TASK REQUIREMENTS: Search the records for the string "insert", and show each line where it appears.

MATERIAL PROVIDED:
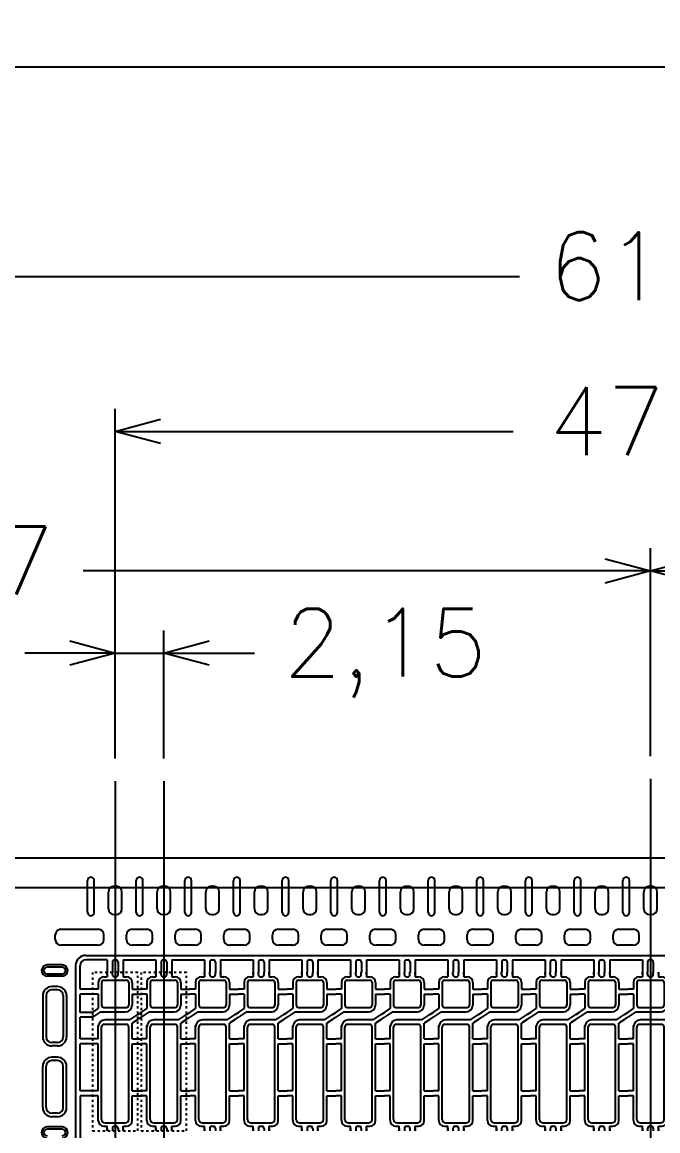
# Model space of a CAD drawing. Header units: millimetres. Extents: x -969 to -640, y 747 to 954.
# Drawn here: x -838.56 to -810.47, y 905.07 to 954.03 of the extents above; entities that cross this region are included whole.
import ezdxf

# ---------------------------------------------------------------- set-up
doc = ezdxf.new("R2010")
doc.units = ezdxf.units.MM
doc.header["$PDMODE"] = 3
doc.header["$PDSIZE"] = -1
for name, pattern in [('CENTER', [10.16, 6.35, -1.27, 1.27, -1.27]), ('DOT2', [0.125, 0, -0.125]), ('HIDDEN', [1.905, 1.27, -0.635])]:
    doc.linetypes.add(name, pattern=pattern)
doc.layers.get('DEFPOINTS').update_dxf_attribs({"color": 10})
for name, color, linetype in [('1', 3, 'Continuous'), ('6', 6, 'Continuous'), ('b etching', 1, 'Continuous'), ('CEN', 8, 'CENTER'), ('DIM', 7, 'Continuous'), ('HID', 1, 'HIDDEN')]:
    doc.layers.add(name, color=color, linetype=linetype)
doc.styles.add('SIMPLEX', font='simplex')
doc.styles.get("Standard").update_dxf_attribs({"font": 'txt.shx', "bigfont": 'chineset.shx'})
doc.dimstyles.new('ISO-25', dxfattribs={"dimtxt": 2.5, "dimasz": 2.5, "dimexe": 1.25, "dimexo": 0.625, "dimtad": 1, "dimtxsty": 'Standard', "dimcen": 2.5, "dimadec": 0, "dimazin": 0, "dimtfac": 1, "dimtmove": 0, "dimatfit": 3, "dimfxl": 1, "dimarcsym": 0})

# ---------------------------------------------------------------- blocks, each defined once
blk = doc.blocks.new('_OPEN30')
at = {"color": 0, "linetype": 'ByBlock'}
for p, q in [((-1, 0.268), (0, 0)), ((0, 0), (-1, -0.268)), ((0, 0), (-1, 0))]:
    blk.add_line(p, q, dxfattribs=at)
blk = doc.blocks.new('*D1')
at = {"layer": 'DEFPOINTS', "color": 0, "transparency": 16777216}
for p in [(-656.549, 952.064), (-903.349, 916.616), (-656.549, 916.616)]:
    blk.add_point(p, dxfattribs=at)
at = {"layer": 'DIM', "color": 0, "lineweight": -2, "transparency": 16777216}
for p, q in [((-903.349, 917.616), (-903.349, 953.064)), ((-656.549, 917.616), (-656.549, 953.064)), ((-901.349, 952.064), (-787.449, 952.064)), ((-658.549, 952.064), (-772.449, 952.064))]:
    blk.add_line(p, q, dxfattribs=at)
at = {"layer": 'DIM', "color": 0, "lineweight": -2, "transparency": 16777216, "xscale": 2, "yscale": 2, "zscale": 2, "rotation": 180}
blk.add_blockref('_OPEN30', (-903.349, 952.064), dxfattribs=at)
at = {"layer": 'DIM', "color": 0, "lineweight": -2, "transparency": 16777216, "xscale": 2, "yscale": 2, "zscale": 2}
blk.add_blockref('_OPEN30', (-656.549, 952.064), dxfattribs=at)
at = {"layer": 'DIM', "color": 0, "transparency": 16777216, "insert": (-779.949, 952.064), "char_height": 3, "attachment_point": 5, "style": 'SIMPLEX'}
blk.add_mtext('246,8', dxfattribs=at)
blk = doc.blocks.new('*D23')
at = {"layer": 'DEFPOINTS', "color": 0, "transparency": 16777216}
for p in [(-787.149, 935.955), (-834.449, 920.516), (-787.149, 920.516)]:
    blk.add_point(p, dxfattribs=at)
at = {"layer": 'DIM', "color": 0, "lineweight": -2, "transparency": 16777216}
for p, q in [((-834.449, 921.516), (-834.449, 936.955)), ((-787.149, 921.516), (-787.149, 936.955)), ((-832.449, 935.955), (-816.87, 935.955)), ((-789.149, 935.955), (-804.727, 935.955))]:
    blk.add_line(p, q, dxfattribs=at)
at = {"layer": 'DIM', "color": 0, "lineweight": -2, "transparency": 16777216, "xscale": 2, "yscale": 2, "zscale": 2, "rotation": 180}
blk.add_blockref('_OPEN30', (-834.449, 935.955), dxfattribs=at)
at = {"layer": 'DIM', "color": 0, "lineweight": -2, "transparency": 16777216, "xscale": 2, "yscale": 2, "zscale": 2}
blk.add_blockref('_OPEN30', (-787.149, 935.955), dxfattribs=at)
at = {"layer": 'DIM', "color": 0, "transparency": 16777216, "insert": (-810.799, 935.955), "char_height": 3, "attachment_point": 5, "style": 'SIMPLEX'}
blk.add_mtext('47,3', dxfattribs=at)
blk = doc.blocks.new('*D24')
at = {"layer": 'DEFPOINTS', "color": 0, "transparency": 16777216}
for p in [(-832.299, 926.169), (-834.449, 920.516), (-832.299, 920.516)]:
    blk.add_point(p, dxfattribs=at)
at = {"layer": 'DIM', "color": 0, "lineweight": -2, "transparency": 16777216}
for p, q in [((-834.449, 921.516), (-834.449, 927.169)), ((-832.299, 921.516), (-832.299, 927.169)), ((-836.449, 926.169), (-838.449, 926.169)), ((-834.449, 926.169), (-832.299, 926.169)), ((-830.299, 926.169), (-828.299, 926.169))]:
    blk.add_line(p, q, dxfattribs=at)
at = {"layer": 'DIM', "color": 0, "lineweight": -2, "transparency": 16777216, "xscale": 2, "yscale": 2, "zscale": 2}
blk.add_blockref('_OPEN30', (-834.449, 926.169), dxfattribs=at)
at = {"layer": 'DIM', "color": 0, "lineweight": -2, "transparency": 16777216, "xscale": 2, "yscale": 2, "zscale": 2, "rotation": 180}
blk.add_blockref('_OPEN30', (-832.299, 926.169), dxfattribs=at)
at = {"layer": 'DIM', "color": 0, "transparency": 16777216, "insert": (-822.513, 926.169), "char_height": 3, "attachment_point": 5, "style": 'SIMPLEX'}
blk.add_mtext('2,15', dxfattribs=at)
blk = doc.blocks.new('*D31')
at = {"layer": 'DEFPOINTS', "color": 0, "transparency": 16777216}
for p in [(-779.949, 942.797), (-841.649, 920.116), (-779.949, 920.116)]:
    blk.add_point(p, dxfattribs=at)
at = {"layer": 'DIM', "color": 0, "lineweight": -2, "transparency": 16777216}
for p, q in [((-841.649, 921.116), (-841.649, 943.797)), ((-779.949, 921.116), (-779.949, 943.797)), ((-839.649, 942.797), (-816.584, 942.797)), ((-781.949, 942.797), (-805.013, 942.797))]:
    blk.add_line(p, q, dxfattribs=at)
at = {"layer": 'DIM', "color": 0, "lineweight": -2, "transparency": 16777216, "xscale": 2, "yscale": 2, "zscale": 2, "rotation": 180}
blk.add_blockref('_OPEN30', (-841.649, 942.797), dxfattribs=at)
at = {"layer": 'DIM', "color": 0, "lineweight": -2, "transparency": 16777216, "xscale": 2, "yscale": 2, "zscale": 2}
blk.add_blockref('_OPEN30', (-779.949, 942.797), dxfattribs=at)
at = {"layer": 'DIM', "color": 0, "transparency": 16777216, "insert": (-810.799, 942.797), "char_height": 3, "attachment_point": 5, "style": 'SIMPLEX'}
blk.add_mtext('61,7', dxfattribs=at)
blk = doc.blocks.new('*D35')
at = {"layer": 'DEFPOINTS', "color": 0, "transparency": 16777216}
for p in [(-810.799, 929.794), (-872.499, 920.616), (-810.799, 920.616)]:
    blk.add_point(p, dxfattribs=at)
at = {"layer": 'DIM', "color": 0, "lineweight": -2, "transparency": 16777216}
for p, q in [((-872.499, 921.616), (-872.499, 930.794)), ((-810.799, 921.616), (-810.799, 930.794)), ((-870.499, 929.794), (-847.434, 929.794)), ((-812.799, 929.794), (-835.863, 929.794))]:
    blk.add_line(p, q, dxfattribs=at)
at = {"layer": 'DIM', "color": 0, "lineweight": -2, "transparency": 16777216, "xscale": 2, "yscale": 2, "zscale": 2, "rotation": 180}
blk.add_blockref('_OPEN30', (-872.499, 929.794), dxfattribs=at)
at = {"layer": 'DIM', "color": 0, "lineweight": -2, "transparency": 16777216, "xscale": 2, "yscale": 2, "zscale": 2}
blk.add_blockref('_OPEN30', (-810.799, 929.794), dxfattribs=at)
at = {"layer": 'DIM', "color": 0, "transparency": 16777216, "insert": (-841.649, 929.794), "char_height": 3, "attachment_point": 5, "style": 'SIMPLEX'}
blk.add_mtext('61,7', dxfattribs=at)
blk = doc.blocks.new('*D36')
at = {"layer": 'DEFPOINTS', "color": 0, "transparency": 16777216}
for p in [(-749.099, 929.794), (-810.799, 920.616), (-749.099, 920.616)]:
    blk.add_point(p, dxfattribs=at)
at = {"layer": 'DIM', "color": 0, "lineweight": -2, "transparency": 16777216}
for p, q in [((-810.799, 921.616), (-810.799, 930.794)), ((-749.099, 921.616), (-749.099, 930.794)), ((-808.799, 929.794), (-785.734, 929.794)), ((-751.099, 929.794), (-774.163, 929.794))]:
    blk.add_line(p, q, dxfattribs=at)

ANSWER TO THIS PROBLEM:
at = {"layer": 'DIM', "color": 0, "transparency": 16777216, "insert": (-779.949, 952.064), "char_height": 3, "attachment_point": 5, "style": 'SIMPLEX'}
at = {"layer": 'DIM', "color": 0, "transparency": 16777216, "insert": (-810.799, 935.955), "char_height": 3, "attachment_point": 5, "style": 'SIMPLEX'}
at = {"layer": 'DIM', "color": 0, "transparency": 16777216, "insert": (-822.513, 926.169), "char_height": 3, "attachment_point": 5, "style": 'SIMPLEX'}
at = {"layer": 'DIM', "color": 0, "transparency": 16777216, "insert": (-810.799, 942.797), "char_height": 3, "attachment_point": 5, "style": 'SIMPLEX'}
at = {"layer": 'DIM', "color": 0, "transparency": 16777216, "insert": (-841.649, 929.794), "char_height": 3, "attachment_point": 5, "style": 'SIMPLEX'}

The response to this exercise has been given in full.